As the Railsback curve shows, octaves are normally stretched on a well-tuned piano. That is, the high notes are tuned higher, and the low notes tuned lower, than they are in a mathematically idealized equal-tempered scale. Railsback discovered that pianos were typically tuned in this manner not because of a lack of precision, but because of inharmonicity in the strings. For a string vibrating like an ideal harmonic oscillator, the overtone series of a single played note includes many additional, higher frequencies, each of which is an integer multiple of the fundamental frequency. But in fact, inharmonicity caused by piano strings being slightly inflexible makes the overtones actually produced successively higher than they would be if the string were perfectly harmonic.

===Shape of the curve===
Inharmonicity in a string is caused primarily by stiffness. That stiffness is the result of piano wire's inherent hardness and ductility, together with string tension, thickness, and length. When tuners adjust the tension of the wire during tuning, they establish pitches relative to notes that have already been tuned. Those previously tuned notes have overtones that are sharpened by inharmonicity, which causes the newly established pitch to conform to the sharpened overtone. As the tuning progresses up and down the scale, the inharmonicity, hence the stretch, accumulates.

It is a common misconception that the Railsback curve demonstrates that the middle of the piano is less inharmonic than the upper and lower regions. It only appears that way because piano tuning normally starts in the middle. "Stretch" is a comparative term: it is by definition impossible to stretch the tuning of the note that is tuned first, regardless of which note has been chosen as the starting point.

Further, it is often construed that the upper notes of the piano are especially inharmonic, because they appear to be stretched dramatically. In fact, the stretch applied to them is a reflection of the inharmonicity of strings in the middle of the piano. The inharmonicity of the upper notes has no bearing on tuning, because their upper partials are beyond the range of human hearing.
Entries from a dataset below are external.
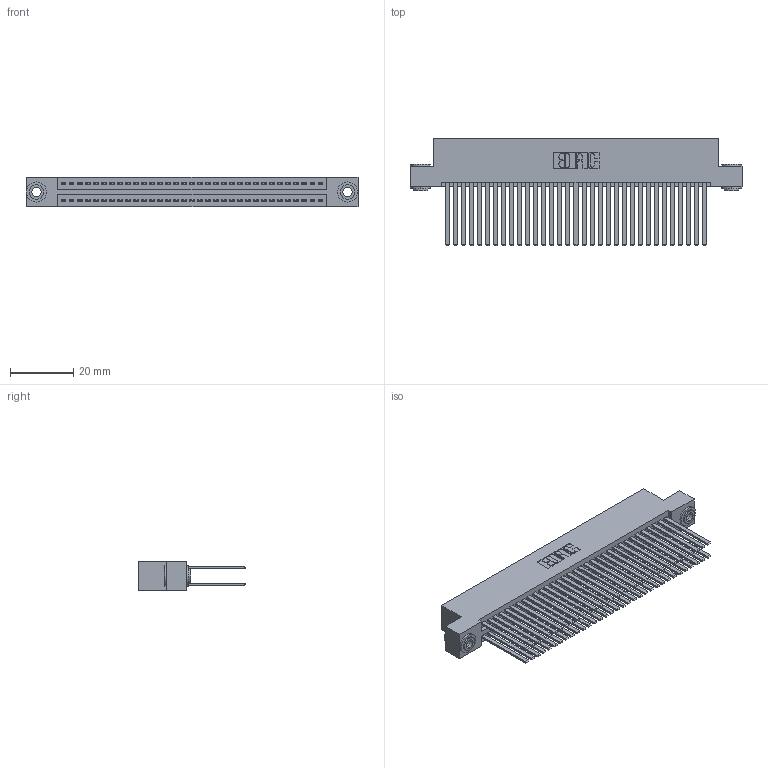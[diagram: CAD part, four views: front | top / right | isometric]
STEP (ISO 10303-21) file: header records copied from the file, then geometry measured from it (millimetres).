
FILE_DESCRIPTION (( 'STEP AP203' ), '1' );
FILE_NAME ('345-066-544-203.STEP', '2019-10-30T17:37:32', ( '' ), ( '' ), 'SwSTEP 2.0', 'SolidWorks 2016', '' );
FILE_SCHEMA (( 'CONFIG_CONTROL_DESIGN' ));
Length unit declared in the file: inch
Products named in the file (4): 345 Part_Flush Mounting Lugs - 0.156 Dia-TH; 345-066-544-203; 345-250-002_345-250-002-102; 345-292-001_345-293-144
Assembly tree (69 placements, depth 2):
  345-066-544-203
    345 Part_Flush Mounting Lugs - 0.156 Dia-TH
    345-292-001_345-293-144  x66
    345-250-002_345-250-002-102  x2
Bounding box: 105.03 x 33.96 x 9.4 mm (x, y, z)
Volume: 11063.7 mm3; surface area: 19096.2 mm2
Topology: 69 solids, 69 shells, 3068 faces, 9063 edges, 5950 vertices
Faces by surface type: plane 2004, cylinder 1056, cone 8
Entity records: 27570 total; most frequent: CARTESIAN_POINT 4603, ORIENTED_EDGE 4530, DIRECTION 4099, EDGE_CURVE 2265, LINE 1981, VECTOR 1981, VERTEX_POINT 1506, AXIS2_PLACEMENT_3D 1059
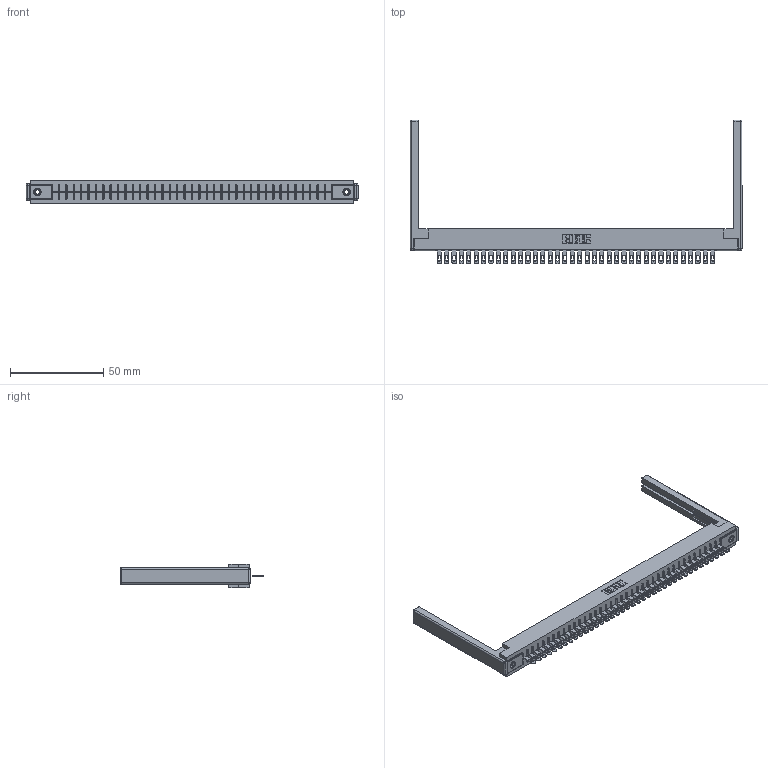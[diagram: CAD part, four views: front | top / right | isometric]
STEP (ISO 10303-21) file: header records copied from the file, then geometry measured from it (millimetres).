
FILE_DESCRIPTION (( 'STEP AP203' ), '1' );
FILE_NAME ('306-038-500-168.STEP', '2019-09-11T23:54:53', ( '' ), ( '' ), 'SwSTEP 2.0', 'SolidWorks 2016', '' );
FILE_SCHEMA (( 'CONFIG_CONTROL_DESIGN' ));
Length unit declared in the file: inch
Products named in the file (5): 307-220-068; 345-250-001_345-250-001-102; 306-038-500-168; 306-290-001_100; 306 Part_.156 Dia
Assembly tree (43 placements, depth 2):
  306-038-500-168
    306 Part_.156 Dia
    306-290-001_100  x38
    345-250-001_345-250-001-102  x2
    307-220-068  x2
Bounding box: 178 x 77.17 x 12.7 mm (x, y, z)
Volume: 24131.9 mm3; surface area: 24980.5 mm2
Topology: 43 solids, 43 shells, 3158 faces, 8876 edges, 5692 vertices
Faces by surface type: plane 2056, cylinder 926, sphere 160, cone 12, torus 4
Entity records: 38878 total; most frequent: CARTESIAN_POINT 6494, ORIENTED_EDGE 6430, DIRECTION 6417, EDGE_CURVE 3215, LINE 2507, VECTOR 2507, VERTEX_POINT 2032, AXIS2_PLACEMENT_3D 1955
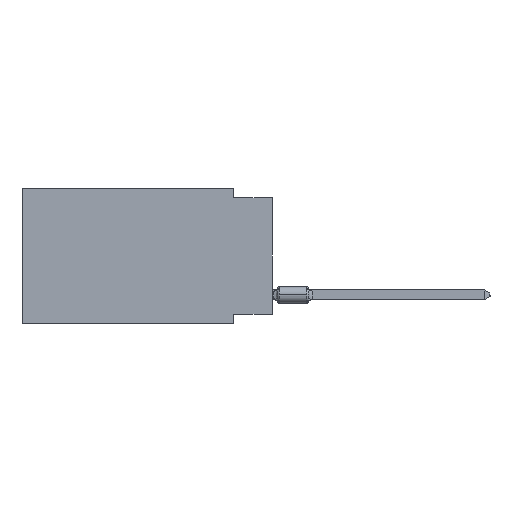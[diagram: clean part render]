
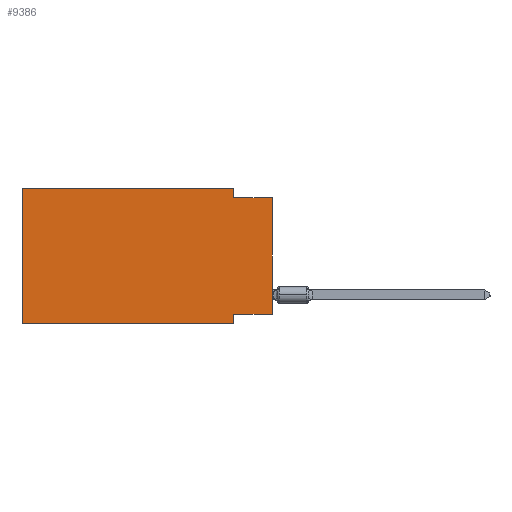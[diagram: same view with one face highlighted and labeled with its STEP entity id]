
A CAD part, left-side view. The second image highlights one B-rep face of the part: STEP entity #9386.
In plain terms, the highlighted planar face has unit normal (-1, 0, 0).
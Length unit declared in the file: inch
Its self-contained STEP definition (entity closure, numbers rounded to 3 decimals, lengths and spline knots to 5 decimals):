
#2068 = ORIENTED_EDGE ( 'NONE', *, *, #32714, .F. ) ;
#5094 = CARTESIAN_POINT ( 'NONE',  ( 0., 0.1, 0. ) ) ;
#6156 = ORIENTED_EDGE ( 'NONE', *, *, #20203, .F. ) ;
#6639 = ORIENTED_EDGE ( 'NONE', *, *, #56645, .F. ) ;
#7416 = CARTESIAN_POINT ( 'NONE',  ( 0., 0., -0.025 ) ) ;
#8842 = ORIENTED_EDGE ( 'NONE', *, *, #51179, .F. ) ;
#9386 = ADVANCED_FACE ( 'NONE', ( #50049 ), #56160, .F. ) ;
#10258 = CARTESIAN_POINT ( 'NONE',  ( 0., 0.645, 0. ) ) ;
#10802 = LINE ( 'NONE', #5094, #64412 ) ;
#13204 = DIRECTION ( 'NONE',  ( 0., 0., -1. ) ) ;
#14468 = EDGE_CURVE ( 'NONE', #22021, #46832, #31700, .T. ) ;
#16352 = CARTESIAN_POINT ( 'NONE',  ( 0., 0., 0. ) ) ;
#17451 = CARTESIAN_POINT ( 'NONE',  ( 0., 0.1, -0.325 ) ) ;
#17846 = DIRECTION ( 'NONE',  ( 1., 0., 0. ) ) ;
#18691 = CARTESIAN_POINT ( 'NONE',  ( 0., 0.1, -0.025 ) ) ;
#19645 = EDGE_CURVE ( 'NONE', #22021, #45746, #51870, .T. ) ;
#20203 = EDGE_CURVE ( 'NONE', #26131, #45746, #24665, .T. ) ;
#20577 = CARTESIAN_POINT ( 'NONE',  ( 0., 0.1, -0.35 ) ) ;
#21716 = LINE ( 'NONE', #16352, #61537 ) ;
#21857 = VECTOR ( 'NONE', #37375, 39.37008 ) ;
#22021 = VERTEX_POINT ( 'NONE', #48861 ) ;
#23177 = CARTESIAN_POINT ( 'NONE',  ( 0., 0., -0.325 ) ) ;
#23949 = DIRECTION ( 'NONE',  ( 0., -1., 0. ) ) ;
#24545 = VERTEX_POINT ( 'NONE', #61789 ) ;
#24571 = VERTEX_POINT ( 'NONE', #7416 ) ;
#24665 = LINE ( 'NONE', #20577, #21857 ) ;
#24741 = VECTOR ( 'NONE', #70565, 39.37008 ) ;
#25292 = VECTOR ( 'NONE', #48151, 39.37008 ) ;
#26131 = VERTEX_POINT ( 'NONE', #17451 ) ;
#27230 = DIRECTION ( 'NONE',  ( 0., 0., -1. ) ) ;
#28333 = ORIENTED_EDGE ( 'NONE', *, *, #63442, .T. ) ;
#31700 = LINE ( 'NONE', #10258, #59342 ) ;
#32714 = EDGE_CURVE ( 'NONE', #24545, #38349, #10802, .T. ) ;
#33686 = CARTESIAN_POINT ( 'NONE',  ( 0., 0.645, 0. ) ) ;
#33982 = ORIENTED_EDGE ( 'NONE', *, *, #19645, .T. ) ;
#37375 = DIRECTION ( 'NONE',  ( 0., 0., -1. ) ) ;
#38349 = VERTEX_POINT ( 'NONE', #18691 ) ;
#40391 = CARTESIAN_POINT ( 'NONE',  ( 0., 0.645, 0. ) ) ;
#42222 = VERTEX_POINT ( 'NONE', #23177 ) ;
#42767 = LINE ( 'NONE', #60296, #25292 ) ;
#45746 = VERTEX_POINT ( 'NONE', #64502 ) ;
#46832 = VERTEX_POINT ( 'NONE', #57427 ) ;
#47828 = DIRECTION ( 'NONE',  ( 0., 0., 1. ) ) ;
#48151 = DIRECTION ( 'NONE',  ( 0., -1., 0. ) ) ;
#48745 = EDGE_CURVE ( 'NONE', #38349, #24571, #42767, .T. ) ;
#48861 = CARTESIAN_POINT ( 'NONE',  ( 0., 0.645, -0.35 ) ) ;
#50049 = FACE_OUTER_BOUND ( 'NONE', #54585, .T. ) ;
#51179 = EDGE_CURVE ( 'NONE', #46832, #24545, #60903, .T. ) ;
#51870 = LINE ( 'NONE', #56535, #57228 ) ;
#54585 = EDGE_LOOP ( 'NONE', ( #28333, #56377, #2068, #8842, #55355, #33982, #6156, #6639 ) ) ;
#55355 = ORIENTED_EDGE ( 'NONE', *, *, #14468, .F. ) ;
#55897 = LINE ( 'NONE', #60203, #24741 ) ;
#56160 = PLANE ( 'NONE',  #66901 ) ;
#56377 = ORIENTED_EDGE ( 'NONE', *, *, #48745, .F. ) ;
#56535 = CARTESIAN_POINT ( 'NONE',  ( 0., 0.645, -0.35 ) ) ;
#56645 = EDGE_CURVE ( 'NONE', #42222, #26131, #55897, .T. ) ;
#57228 = VECTOR ( 'NONE', #23949, 39.37008 ) ;
#57427 = CARTESIAN_POINT ( 'NONE',  ( 0., 0.645, 0. ) ) ;
#59342 = VECTOR ( 'NONE', #47828, 39.37008 ) ;
#60203 = CARTESIAN_POINT ( 'NONE',  ( 0., 0., -0.325 ) ) ;
#60296 = CARTESIAN_POINT ( 'NONE',  ( 0., 0., -0.025 ) ) ;
#60903 = LINE ( 'NONE', #33686, #67857 ) ;
#61537 = VECTOR ( 'NONE', #65708, 39.37008 ) ;
#61789 = CARTESIAN_POINT ( 'NONE',  ( 0., 0.1, 0. ) ) ;
#63442 = EDGE_CURVE ( 'NONE', #42222, #24571, #21716, .T. ) ;
#63969 = DIRECTION ( 'NONE',  ( 0., -1., 0. ) ) ;
#64412 = VECTOR ( 'NONE', #27230, 39.37008 ) ;
#64502 = CARTESIAN_POINT ( 'NONE',  ( 0., 0.1, -0.35 ) ) ;
#65708 = DIRECTION ( 'NONE',  ( 0., 0., 1. ) ) ;
#66901 = AXIS2_PLACEMENT_3D ( 'NONE', #40391, #17846, #13204 ) ;
#67857 = VECTOR ( 'NONE', #63969, 39.37008 ) ;
#70565 = DIRECTION ( 'NONE',  ( 0., 1., 0. ) ) ;

As expected, the graph of the actual tuning is not a smooth curve, but a jagged line with peaks and troughs. This might be the result of imprecise tuning, inexact measurement, or the piano's innate variability in string scaling. It has also been suggested that such irregularities arise from the way human tuners balance competing harmonic relationships, as reproduced by Monte Carlo tuning methods that minimize spectral entropy and produce small local pitch variations similar to those observed in real tuning.

==Multiple strings==
All but the lowest notes of a piano have multiple strings tuned to the same frequency. The notes with two strings are called bichords, and those with three strings are called trichords. These allow the piano to have a loud attack with a fast decay but a long sustain in the attack–decay–sustain–release (ADSR) system.

The trichords create a coupled oscillator with three normal modes (with two polarizations each). Since the strings are only weakly coupled, the normal modes have imperceptibly different frequencies. But they transfer their vibrational energy to the sounding board at significantly different rates.

The normal mode in which the three strings oscillate together is most efficient at transferring energy since all three strings pull in the same direction at the same time. It sounds loud, but decays quickly. This normal mode is responsible for the loud, rapidly-fading "attack" part of the note.

In the other two normal modes, strings do not all pull together, e.g., one pulls up while the other two pull down. There is a slow transfer of energy to the sounding board, generating a soft but near-constant sustain.